──────── INPUT ────────

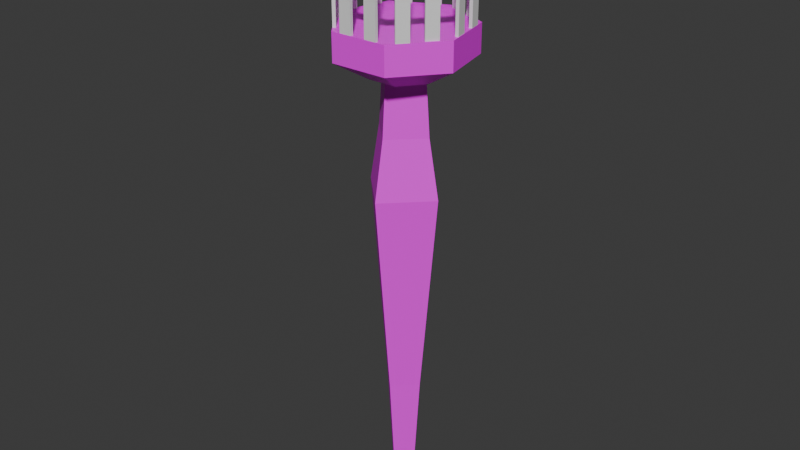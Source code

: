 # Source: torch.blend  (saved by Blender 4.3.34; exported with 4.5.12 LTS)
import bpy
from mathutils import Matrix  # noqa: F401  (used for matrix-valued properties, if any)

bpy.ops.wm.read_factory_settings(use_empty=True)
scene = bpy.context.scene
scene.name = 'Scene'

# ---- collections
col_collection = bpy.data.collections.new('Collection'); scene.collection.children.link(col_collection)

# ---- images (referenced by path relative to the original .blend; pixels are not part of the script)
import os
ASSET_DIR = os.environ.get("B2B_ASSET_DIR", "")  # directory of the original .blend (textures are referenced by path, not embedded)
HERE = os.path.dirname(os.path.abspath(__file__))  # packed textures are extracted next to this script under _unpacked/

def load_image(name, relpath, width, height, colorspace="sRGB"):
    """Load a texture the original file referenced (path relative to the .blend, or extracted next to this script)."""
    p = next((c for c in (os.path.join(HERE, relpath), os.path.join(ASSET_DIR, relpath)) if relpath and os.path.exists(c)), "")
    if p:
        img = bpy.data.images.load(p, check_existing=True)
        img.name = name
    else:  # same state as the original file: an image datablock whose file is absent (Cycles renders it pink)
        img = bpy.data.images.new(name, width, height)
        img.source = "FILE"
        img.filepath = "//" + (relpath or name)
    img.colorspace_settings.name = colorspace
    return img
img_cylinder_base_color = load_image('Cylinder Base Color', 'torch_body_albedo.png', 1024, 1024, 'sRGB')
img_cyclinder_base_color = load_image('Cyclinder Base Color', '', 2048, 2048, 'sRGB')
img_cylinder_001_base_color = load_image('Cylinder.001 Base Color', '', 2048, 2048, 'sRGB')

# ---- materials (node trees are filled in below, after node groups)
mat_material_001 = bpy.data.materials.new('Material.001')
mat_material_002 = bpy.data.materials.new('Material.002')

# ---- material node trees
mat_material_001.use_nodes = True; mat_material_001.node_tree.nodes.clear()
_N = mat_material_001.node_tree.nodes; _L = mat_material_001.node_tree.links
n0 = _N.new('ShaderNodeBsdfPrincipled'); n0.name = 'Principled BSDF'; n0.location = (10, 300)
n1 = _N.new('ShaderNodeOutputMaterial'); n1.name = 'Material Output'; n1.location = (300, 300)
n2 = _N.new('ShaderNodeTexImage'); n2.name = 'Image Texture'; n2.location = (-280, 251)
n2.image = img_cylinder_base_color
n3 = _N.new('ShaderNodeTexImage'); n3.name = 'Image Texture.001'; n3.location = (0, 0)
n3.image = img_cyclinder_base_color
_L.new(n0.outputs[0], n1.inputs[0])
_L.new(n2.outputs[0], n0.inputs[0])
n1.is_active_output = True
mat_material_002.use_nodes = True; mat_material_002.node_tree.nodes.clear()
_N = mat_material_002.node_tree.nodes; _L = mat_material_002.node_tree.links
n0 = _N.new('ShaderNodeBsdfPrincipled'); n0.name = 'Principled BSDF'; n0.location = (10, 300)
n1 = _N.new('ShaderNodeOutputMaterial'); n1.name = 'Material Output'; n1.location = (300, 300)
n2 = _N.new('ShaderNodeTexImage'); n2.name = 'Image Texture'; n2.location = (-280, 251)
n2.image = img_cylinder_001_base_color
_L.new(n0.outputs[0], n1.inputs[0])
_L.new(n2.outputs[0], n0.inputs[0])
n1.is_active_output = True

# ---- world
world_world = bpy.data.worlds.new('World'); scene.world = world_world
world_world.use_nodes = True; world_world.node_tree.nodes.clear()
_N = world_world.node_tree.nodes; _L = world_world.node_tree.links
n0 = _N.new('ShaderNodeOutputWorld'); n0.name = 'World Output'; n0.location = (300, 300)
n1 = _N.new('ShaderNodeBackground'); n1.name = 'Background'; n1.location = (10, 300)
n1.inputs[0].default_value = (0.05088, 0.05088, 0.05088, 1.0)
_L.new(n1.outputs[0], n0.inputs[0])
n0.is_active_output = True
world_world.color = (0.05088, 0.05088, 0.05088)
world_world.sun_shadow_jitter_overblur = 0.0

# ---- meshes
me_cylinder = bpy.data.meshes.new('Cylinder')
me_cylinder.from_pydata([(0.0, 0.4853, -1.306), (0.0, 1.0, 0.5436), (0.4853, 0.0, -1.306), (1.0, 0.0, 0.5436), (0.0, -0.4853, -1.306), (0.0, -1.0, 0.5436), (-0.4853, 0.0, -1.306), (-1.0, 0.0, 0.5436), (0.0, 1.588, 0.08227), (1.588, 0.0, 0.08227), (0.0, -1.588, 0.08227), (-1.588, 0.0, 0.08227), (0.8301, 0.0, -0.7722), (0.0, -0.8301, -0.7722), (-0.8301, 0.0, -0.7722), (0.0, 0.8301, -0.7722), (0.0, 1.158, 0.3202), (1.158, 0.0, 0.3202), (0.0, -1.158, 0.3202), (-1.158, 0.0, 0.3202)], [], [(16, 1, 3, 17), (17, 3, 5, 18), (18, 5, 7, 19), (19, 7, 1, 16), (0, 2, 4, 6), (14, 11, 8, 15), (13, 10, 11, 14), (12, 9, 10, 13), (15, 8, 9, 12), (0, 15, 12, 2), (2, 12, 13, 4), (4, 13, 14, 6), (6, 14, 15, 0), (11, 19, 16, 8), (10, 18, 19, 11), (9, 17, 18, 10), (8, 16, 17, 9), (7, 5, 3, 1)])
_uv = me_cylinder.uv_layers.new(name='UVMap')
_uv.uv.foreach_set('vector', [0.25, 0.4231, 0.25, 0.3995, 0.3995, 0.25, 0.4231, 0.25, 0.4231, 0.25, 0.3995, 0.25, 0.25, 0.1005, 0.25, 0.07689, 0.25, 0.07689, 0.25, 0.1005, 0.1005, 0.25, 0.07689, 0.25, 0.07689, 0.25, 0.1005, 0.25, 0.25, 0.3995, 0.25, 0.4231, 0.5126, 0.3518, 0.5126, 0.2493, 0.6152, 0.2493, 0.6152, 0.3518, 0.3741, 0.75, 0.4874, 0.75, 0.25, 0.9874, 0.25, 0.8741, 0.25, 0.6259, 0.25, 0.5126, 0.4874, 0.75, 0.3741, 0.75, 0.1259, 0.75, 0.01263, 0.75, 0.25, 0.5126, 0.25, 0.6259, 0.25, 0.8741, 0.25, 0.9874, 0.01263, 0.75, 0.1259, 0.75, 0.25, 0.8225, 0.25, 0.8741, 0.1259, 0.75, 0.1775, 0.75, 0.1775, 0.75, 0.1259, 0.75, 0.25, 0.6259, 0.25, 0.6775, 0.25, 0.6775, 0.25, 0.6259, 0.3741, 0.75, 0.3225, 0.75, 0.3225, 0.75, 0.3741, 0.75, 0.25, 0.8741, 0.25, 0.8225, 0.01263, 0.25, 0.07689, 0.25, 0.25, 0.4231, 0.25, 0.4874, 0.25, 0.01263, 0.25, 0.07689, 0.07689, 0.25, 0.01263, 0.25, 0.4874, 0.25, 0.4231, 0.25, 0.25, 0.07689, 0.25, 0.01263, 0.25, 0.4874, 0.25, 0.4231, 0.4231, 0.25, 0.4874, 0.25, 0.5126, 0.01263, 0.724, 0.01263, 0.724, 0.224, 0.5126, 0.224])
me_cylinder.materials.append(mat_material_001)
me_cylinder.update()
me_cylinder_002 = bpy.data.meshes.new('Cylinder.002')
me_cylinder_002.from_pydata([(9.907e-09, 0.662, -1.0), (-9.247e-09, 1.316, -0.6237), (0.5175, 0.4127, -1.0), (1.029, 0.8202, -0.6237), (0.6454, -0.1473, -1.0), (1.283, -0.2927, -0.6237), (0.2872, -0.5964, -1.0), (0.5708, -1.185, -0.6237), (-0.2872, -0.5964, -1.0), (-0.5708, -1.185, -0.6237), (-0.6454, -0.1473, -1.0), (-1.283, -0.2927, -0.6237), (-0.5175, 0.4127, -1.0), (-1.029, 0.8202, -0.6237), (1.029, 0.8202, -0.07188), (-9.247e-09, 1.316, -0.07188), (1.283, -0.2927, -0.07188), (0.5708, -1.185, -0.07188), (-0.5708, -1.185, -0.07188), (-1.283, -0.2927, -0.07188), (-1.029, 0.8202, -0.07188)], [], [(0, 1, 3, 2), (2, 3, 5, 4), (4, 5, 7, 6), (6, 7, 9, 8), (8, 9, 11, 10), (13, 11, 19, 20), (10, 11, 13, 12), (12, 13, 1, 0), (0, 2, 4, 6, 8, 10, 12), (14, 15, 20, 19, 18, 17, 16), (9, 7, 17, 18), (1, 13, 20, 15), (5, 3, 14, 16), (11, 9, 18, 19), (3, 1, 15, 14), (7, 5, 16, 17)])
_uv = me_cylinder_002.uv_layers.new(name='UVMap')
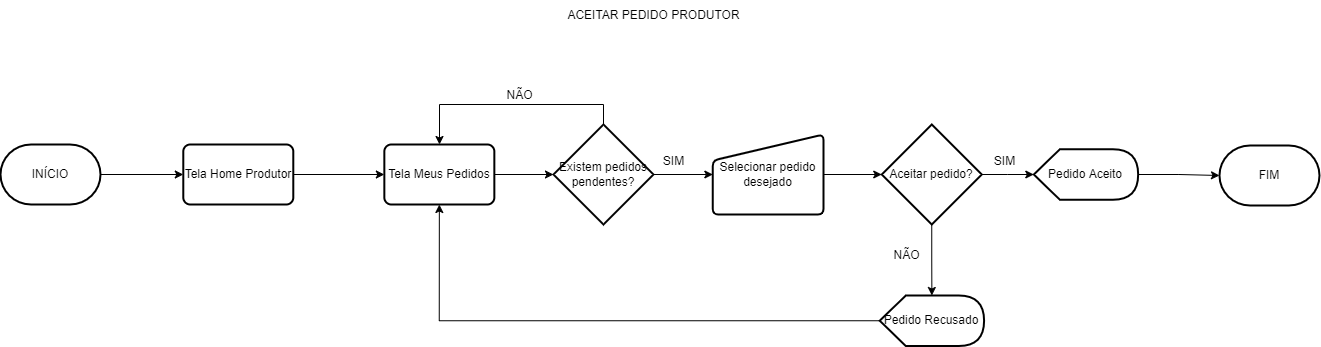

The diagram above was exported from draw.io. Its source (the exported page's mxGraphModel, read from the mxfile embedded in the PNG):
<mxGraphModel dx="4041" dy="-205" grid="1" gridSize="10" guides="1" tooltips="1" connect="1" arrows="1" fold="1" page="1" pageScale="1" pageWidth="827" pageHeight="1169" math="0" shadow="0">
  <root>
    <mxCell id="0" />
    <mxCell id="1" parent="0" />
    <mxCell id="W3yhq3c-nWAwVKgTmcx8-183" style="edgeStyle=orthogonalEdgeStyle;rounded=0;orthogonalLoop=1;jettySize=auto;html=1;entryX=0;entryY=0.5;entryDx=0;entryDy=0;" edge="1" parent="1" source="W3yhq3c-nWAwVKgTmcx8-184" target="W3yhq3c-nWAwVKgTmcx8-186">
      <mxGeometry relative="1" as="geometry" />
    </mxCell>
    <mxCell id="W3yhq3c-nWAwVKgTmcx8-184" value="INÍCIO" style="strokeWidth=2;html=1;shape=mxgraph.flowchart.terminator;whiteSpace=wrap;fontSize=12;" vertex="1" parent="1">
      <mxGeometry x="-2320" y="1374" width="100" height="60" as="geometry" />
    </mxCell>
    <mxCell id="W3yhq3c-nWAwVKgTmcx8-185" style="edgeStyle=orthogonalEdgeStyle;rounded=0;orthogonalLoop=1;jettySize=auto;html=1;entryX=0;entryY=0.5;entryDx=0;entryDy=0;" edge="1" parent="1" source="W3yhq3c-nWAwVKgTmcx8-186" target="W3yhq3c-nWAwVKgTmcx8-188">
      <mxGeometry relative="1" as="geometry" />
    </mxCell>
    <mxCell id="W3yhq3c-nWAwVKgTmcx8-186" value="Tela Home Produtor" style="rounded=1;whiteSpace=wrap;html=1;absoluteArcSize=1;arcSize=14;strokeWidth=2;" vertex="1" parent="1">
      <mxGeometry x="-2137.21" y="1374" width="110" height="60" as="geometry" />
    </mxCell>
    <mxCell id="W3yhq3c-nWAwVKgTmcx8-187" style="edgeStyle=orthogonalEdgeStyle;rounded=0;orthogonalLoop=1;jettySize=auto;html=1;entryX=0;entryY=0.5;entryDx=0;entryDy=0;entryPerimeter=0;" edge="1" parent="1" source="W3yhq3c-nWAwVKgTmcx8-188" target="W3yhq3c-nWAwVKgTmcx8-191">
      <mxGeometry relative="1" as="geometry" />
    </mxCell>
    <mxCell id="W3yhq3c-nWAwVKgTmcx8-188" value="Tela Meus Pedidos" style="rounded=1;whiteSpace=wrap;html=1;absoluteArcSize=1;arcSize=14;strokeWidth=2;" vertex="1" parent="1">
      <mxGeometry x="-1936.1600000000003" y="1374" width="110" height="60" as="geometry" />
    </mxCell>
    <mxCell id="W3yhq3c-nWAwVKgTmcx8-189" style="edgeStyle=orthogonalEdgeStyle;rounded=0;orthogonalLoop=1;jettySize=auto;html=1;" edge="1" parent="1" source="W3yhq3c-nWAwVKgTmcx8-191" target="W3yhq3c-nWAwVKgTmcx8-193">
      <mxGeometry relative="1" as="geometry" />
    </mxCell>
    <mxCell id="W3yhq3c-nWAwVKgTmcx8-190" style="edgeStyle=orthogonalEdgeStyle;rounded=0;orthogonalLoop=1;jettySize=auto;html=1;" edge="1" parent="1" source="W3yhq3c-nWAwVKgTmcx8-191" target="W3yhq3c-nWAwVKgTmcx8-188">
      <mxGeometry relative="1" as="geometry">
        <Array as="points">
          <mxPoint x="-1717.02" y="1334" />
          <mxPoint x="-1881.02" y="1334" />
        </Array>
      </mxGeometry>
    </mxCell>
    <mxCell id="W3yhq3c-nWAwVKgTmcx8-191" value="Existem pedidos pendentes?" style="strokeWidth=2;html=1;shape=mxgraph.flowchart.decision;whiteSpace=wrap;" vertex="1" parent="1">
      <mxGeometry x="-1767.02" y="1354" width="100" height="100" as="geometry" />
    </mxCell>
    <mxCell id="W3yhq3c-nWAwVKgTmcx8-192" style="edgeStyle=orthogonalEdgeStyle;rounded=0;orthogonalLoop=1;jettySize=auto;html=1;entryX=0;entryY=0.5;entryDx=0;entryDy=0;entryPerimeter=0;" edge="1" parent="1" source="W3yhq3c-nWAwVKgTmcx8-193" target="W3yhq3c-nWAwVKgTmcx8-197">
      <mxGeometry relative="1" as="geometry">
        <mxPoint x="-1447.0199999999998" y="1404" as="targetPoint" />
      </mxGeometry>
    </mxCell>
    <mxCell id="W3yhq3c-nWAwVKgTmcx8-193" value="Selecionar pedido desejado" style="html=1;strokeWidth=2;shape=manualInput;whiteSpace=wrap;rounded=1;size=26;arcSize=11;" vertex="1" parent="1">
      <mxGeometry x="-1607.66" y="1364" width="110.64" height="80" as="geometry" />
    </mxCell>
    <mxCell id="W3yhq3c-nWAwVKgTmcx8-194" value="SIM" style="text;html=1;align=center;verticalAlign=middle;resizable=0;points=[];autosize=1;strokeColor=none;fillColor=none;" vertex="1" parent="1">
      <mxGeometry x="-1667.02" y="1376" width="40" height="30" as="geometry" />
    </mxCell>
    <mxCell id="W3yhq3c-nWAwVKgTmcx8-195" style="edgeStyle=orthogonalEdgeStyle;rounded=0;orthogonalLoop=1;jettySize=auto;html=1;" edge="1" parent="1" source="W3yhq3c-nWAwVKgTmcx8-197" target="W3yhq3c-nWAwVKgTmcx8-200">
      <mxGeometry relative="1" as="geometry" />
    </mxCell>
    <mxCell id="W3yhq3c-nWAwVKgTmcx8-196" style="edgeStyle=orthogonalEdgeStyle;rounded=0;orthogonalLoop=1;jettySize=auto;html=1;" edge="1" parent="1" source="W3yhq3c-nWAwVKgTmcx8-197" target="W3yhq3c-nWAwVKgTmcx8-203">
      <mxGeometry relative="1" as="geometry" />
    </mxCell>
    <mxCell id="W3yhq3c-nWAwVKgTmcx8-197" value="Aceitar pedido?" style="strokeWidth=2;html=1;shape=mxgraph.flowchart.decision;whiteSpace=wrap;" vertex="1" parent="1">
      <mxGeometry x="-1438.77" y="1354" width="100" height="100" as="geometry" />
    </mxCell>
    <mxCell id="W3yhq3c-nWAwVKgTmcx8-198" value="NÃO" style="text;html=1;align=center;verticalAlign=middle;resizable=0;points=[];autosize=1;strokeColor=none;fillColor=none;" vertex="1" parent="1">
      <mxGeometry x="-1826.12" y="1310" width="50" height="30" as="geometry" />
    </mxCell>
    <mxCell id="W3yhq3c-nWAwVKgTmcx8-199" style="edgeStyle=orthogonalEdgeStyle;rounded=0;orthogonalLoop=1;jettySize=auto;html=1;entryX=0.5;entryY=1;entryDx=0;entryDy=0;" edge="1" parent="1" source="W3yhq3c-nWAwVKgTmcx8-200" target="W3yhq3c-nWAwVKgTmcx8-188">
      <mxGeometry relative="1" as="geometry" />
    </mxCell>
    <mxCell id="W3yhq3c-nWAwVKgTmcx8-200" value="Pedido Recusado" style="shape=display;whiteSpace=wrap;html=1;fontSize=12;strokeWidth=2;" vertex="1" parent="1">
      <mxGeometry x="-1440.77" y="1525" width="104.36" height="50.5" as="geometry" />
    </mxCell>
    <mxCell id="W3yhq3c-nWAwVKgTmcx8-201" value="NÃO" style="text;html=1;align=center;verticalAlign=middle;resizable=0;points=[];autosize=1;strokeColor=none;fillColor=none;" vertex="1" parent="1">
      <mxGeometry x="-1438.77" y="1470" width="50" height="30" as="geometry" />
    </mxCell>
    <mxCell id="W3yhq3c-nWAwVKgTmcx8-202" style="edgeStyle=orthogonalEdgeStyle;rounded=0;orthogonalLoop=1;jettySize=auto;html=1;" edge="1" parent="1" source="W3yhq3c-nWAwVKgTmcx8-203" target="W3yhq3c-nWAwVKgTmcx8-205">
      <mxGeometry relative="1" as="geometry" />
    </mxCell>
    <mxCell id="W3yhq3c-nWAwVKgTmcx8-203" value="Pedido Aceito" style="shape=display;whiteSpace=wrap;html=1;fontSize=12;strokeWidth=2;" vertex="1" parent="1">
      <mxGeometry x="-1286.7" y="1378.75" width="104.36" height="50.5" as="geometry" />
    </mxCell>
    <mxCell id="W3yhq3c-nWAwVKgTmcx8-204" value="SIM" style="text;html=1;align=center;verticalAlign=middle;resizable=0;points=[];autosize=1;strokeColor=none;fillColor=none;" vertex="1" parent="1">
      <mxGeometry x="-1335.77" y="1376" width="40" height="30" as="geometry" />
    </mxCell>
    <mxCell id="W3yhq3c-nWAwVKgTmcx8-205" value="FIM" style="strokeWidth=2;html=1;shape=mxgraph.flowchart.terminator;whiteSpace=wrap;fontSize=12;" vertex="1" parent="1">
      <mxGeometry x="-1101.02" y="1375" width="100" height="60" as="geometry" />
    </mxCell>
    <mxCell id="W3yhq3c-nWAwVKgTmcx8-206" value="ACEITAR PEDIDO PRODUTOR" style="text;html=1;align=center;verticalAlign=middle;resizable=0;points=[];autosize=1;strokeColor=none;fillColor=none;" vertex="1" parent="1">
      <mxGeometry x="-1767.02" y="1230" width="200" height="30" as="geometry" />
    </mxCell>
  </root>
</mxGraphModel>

────────

**TASK PROMPT**
The answer must be an exact copy of the lines above, from the start of the records through the line with "path, not embedded)", and of nothing else; no pictures belong in it.

**TASK ANSWER**
Source code

: # Source: torch.blend  (saved by Blender 4.3.34; exported with 4.5.12 LTS)
import bpy
from mathutils import Matrix  # noqa: F401  (used for matrix-valued properties, if any)

bpy.ops.wm.read_factory_settings(use_empty=True)
scene = bpy.context.scene
scene.name = 'Scene'

# ---- collections
col_collection = bpy.data.collections.new('Collection'); scene.collection.children.link(col_collection)

# ---- images (referenced by path relative to the original .blend; pixels are not part of the script)
import os
ASSET_DIR = os.environ.get("B2B_ASSET_DIR", "")  # directory of the original .blend (textures are referenced by path, not embedded)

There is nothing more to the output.